The furnace contains a coffered shaft 1, rectangular at the bottom and expanding in the upper part, with lances 2, 3, 4, transverse partitions 5, 12 (a partition 12 may be absent in some cases), dividing the furnace into oxidative melting chambers of the charge 6 and reduction of slag oxides 7, stepwise hearth 8, siphon for slag discharge 9, channel for the release of metal or matte 10, holes for emergency release of melts 11, internal siphon 13 for overflowing liquid slag from the oxidation melting chamber to the upper part of the slag oxide reduction chamber a, a gas duct 14 for removing gases from the reduction chamber, a gas duct 17 for removing gases from the oxidative melting chamber 15, an opening 18 for discharging slag from the chamber 7, a lance 20 for controlling the level of the melt in the melting chamber 6, located in the window 19 of the overflow of the melt from the chamber 6 into the siphon 13, the gaps 21 to compensate for the thermal expansion of the highly refractory lining.

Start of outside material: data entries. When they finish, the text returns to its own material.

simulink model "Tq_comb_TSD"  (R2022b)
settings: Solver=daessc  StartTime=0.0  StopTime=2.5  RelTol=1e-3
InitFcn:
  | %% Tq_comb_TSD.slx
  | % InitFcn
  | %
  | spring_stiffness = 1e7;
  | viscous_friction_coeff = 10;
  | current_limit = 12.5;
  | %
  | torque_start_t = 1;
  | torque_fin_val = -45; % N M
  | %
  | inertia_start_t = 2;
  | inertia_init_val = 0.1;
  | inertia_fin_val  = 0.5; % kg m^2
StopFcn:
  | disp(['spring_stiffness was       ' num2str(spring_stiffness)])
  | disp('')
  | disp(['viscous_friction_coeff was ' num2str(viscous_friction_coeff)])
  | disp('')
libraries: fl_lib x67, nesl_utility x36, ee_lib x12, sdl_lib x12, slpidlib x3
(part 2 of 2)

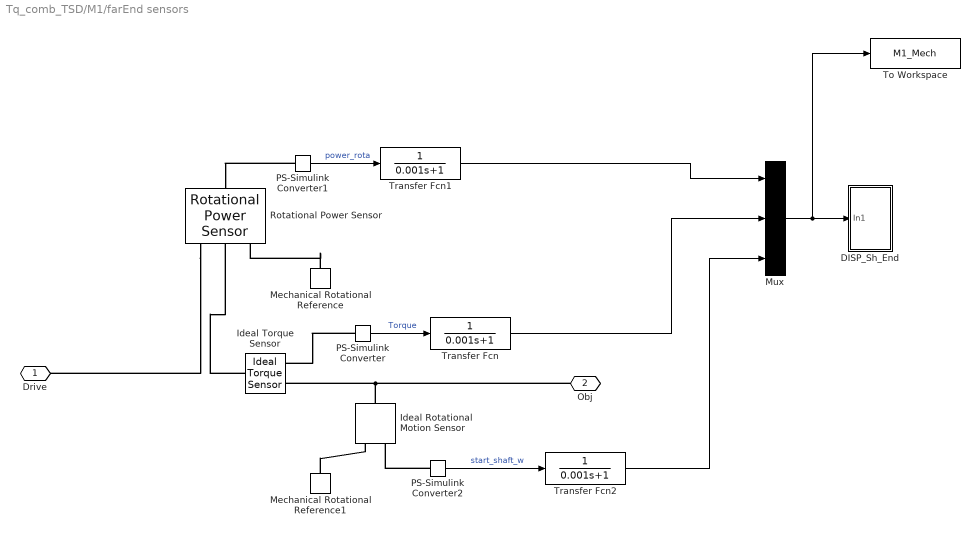
== system Tq_comb_TSD/M1/farEnd sensors ==
  DISP_Sh_End : Subsystem
  Ideal Rotational Motion Sensor : fl_lib/Mechanical/Mechanical Sensors/Ideal Rotational Motion Sensor  reference=foundation.enum.MeasurementReference.difference  acceleration_port=false  velocity_port=true  position_port=false  wrap_angle=false  offset=0 rad
      settings: InternalSimscapePortConfiguration="{\"Bottom\":[],\"Left\":[{\"id\":\"R\",\"label\":\"R\",\"type\":\"foundation.mechanical.rotational.rotational\"}],\"Right\":[{\"id\":\"C\",\"label\":\"C\",\"type\":\"foundation.mechanical.rotational.rotational\"},{\"id\":\"W\",\"label\":\"W\",\"type\":\"output\"}],\"Top\":[]}"
  Ideal Torque Sensor : fl_lib/Mechanical/Mechanical Sensors/Ideal Torque Sensor
  Mechanical Rotational Reference : fl_lib/Mechanical/Rotational Elements/Mechanical Rotational Reference
  Mechanical Rotational Reference1 : fl_lib/Mechanical/Rotational Elements/Mechanical Rotational Reference
  Mux : Mux  Inputs=3
  PS-Simulink Converter : nesl_utility/PS-Simulink Converter  PhysicalDomain=network_engine_domain  SubClassName=ps_output  LeftPortType=input  RightPortType=output  PseudoPeriodic=off  Frequencies=[]  VectorFormat=inherit  Unit=inherit  AffineConversion=off
  PS-Simulink Converter1 : nesl_utility/PS-Simulink Converter  PhysicalDomain=network_engine_domain  SubClassName=ps_output  LeftPortType=input  RightPortType=output  PseudoPeriodic=off  Frequencies=[]  VectorFormat=inherit  Unit=W  AffineConversion=off
  PS-Simulink Converter2 : nesl_utility/PS-Simulink Converter  PhysicalDomain=network_engine_domain  SubClassName=ps_output  LeftPortType=input  RightPortType=output  PseudoPeriodic=off  Frequencies=[]  VectorFormat=inherit  Unit=rpm  AffineConversion=off
  Rotational Power Sensor : sdl_lib/Sensors/Rotational Power Sensor  measurement_type=sdl.enum.rotationalPowerSensorType.instantaneous  averaging_period=1 s  max_frequency=1000 Hz  max_speed=1000 rpm
      settings: InternalSimscapePortConfiguration="{\"Bottom\":[],\"Left\":[{\"id\":\"S\",\"label\":\"S\",\"type\":\"foundation.mechanical.rotational.rotational\"},{\"id\":\"R\",\"label\":\"R\",\"type\":\"foundation.mechanical.rotational.rotational\"},{\"id\":\"C\",\"label\":\"C\",\"type\":\"foundation.mechanical.rotational.rotational\"}],\"Right\":[{\"id\":\"P\",\"label\":\"P\",\"type\":\"output\"}],\"Top\":[]}"
  To Workspace : ToWorkspace  VariableName=M1_Mech  SaveFormat=Timeseries  SampleTime=-1
  Transfer Fcn : TransferFcn  Denominator=[0.001 1]
  Transfer Fcn1 : TransferFcn  Denominator=[0.001 1]
  Transfer Fcn2 : TransferFcn  Denominator=[0.001 1]
  Drive : PMIOPort  Side=Left
  Obj : PMIOPort  Port=2  Side=Right
  wires:
  PS-Simulink Converter/1 -> Transfer Fcn/1  "Torque"
  PS-Simulink Converter1/1 -> Transfer Fcn1/1  "power_rota"
  PS-Simulink Converter2/1 -> Transfer Fcn2/1  "start_shaft_w"
  Transfer Fcn1/1 -> Mux/1
  Transfer Fcn/1 -> Mux/2
  Transfer Fcn2/1 -> Mux/3
  Mux/1 -> To Workspace/1, DISP_Sh_End/1(In1)
  connections:
  Rotational Power Sensor/LConn1 -- Drive/RConn1
  Obj/RConn1 -- Ideal Rotational Motion Sensor/LConn1 -- Ideal Torque Sensor/RConn1
  PS-Simulink Converter/LConn1 -- Ideal Torque Sensor/RConn2
  Mechanical Rotational Reference/LConn1 -- Rotational Power Sensor/LConn3
  PS-Simulink Converter1/LConn1 -- Rotational Power Sensor/RConn1
  Mechanical Rotational Reference1/LConn1 -- Ideal Rotational Motion Sensor/RConn1
  PS-Simulink Converter2/LConn1 -- Ideal Rotational Motion Sensor/RConn2
  Ideal Torque Sensor/LConn1 -- Rotational Power Sensor/LConn2

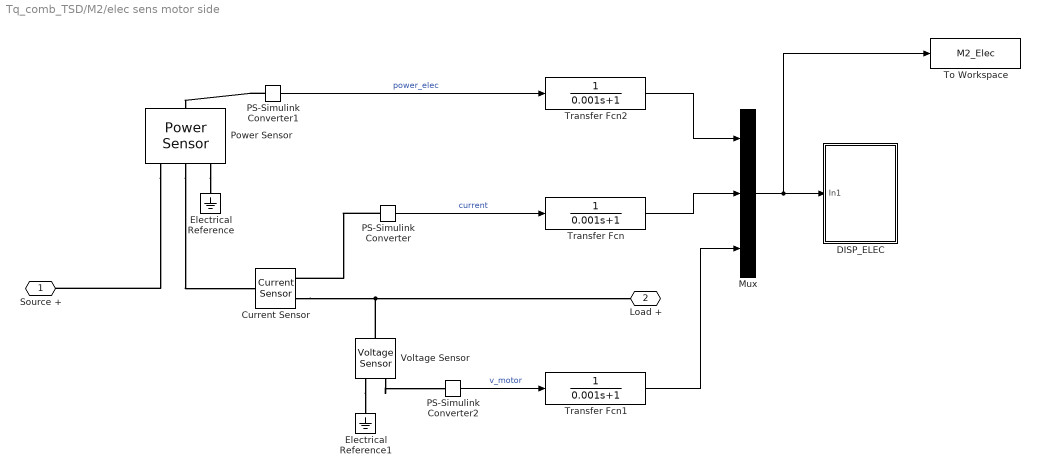
== system Tq_comb_TSD/M2/elec sens motor side ==
  Current Sensor : fl_lib/Electrical/Electrical Sensors/Current Sensor
  DISP_ELEC : Subsystem
  Electrical Reference : fl_lib/Electrical/Electrical Elements/Electrical Reference
  Electrical Reference1 : fl_lib/Electrical/Electrical Elements/Electrical Reference
  Mux : Mux  Inputs=3
  PS-Simulink Converter : nesl_utility/PS-Simulink Converter  PhysicalDomain=network_engine_domain  SubClassName=ps_output  LeftPortType=input  RightPortType=output  PseudoPeriodic=off  Frequencies=[]  VectorFormat=inherit  Unit=A  AffineConversion=off
  PS-Simulink Converter1 : nesl_utility/PS-Simulink Converter  PhysicalDomain=network_engine_domain  SubClassName=ps_output  LeftPortType=input  RightPortType=output  PseudoPeriodic=off  Frequencies=[]  VectorFormat=inherit  Unit=W  AffineConversion=off
  PS-Simulink Converter2 : nesl_utility/PS-Simulink Converter  PhysicalDomain=network_engine_domain  SubClassName=ps_output  LeftPortType=input  RightPortType=output  PseudoPeriodic=off  Frequencies=[]  VectorFormat=inherit  Unit=V  AffineConversion=off
  Power Sensor : ee_lib/Sensors & Transducers/Power Sensor  measurement_type=1  averaging_period=1e-4 s
  To Workspace : ToWorkspace  VariableName=M2_Elec  SaveFormat=Timeseries  SampleTime=-1
  Transfer Fcn : TransferFcn  Denominator=[0.001 1]
  Transfer Fcn1 : TransferFcn  Denominator=[0.001 1]
  Transfer Fcn2 : TransferFcn  Denominator=[0.001 1]
  Voltage Sensor : fl_lib/Electrical/Electrical Sensors/Voltage Sensor
  Source + : PMIOPort  Side=Left
  Load + : PMIOPort  Port=2  Side=Right
  wires:
  Mux/1 -> To Workspace/1, DISP_ELEC/1(In1)
  Transfer Fcn1/1 -> Mux/3
  Transfer Fcn/1 -> Mux/2
  Transfer Fcn2/1 -> Mux/1
  PS-Simulink Converter2/1 -> Transfer Fcn1/1  "v_motor"
  PS-Simulink Converter1/1 -> Transfer Fcn2/1  "power_elec"
  PS-Simulink Converter/1 -> Transfer Fcn/1  "current"
  connections:
  Power Sensor/LConn3 -- Electrical Reference/LConn1
  Power Sensor/LConn2 -- Current Sensor/LConn1
  Voltage Sensor/RConn1 -- PS-Simulink Converter2/LConn1
  Voltage Sensor/RConn2 -- Electrical Reference1/LConn1
  PS-Simulink Converter1/LConn1 -- Power Sensor/RConn1
  PS-Simulink Converter/LConn1 -- Current Sensor/RConn1
  Voltage Sensor/LConn1 -- Load +/RConn1 -- Current Sensor/RConn2
  Power Sensor/LConn1 -- Source +/RConn1

== system Tq_comb_TSD/M2/elec sens v source ==
  Current Sensor : fl_lib/Electrical/Electrical Sensors/Current Sensor
  DISP_ELEC : Subsystem
  Electrical Reference : fl_lib/Electrical/Electrical Elements/Electrical Reference
  Electrical Reference1 : fl_lib/Electrical/Electrical Elements/Electrical Reference
  Mux : Mux  Inputs=3
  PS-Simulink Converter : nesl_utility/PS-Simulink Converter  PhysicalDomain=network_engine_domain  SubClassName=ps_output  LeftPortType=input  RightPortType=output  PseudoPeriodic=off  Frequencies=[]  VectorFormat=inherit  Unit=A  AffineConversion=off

The tuyere 20 is located below the level of tuyeres 3 by 5 ÷ 8 diameters (d) of the hole of the mouth of tuyeres 3. With a depth of tuyere 20 below 18 diameters of the hole d of the mouth of tuyeres 3, the tuyere mouth 20 can be overgrown with residual melt streams flowing from the walls of the furnace shaft and walls 5 and a decrease to 14 · d reduces the service life of the roof of the overflow window 19 due to the occurrence of a rotating hydrodynamic flow around the entire inner perimeter of the window 19, i.e. the appearance of a "strong emery" effect (Study of the mechanism of interaction of a flooded gas jet with a melt, "Non-ferrous metals", No. 3, 2003, p.33-36).

The furnace operates as follows.

The mixture with fluxing additives and with solid fuel is loaded through the device 15 onto the surface of the blast-sparged blast melt into the oxidation melting chamber 6. The sparging of the melt and the oxidation of carbon fuel is carried out by supplying the oxygen-containing blast through the tuyeres 3 in the side walls of the furnace in the amount necessary for complete combustion of combustible components with maximum heat generation. Due to intensive mixing and heat generation from fuel combustion, the solid charge quickly melts and forms homogeneous slag, which, as it accumulates under the lower edge of the partition 5, through the window 19 and the internal siphon 13 flows into the upper part of the recovery chamber 7.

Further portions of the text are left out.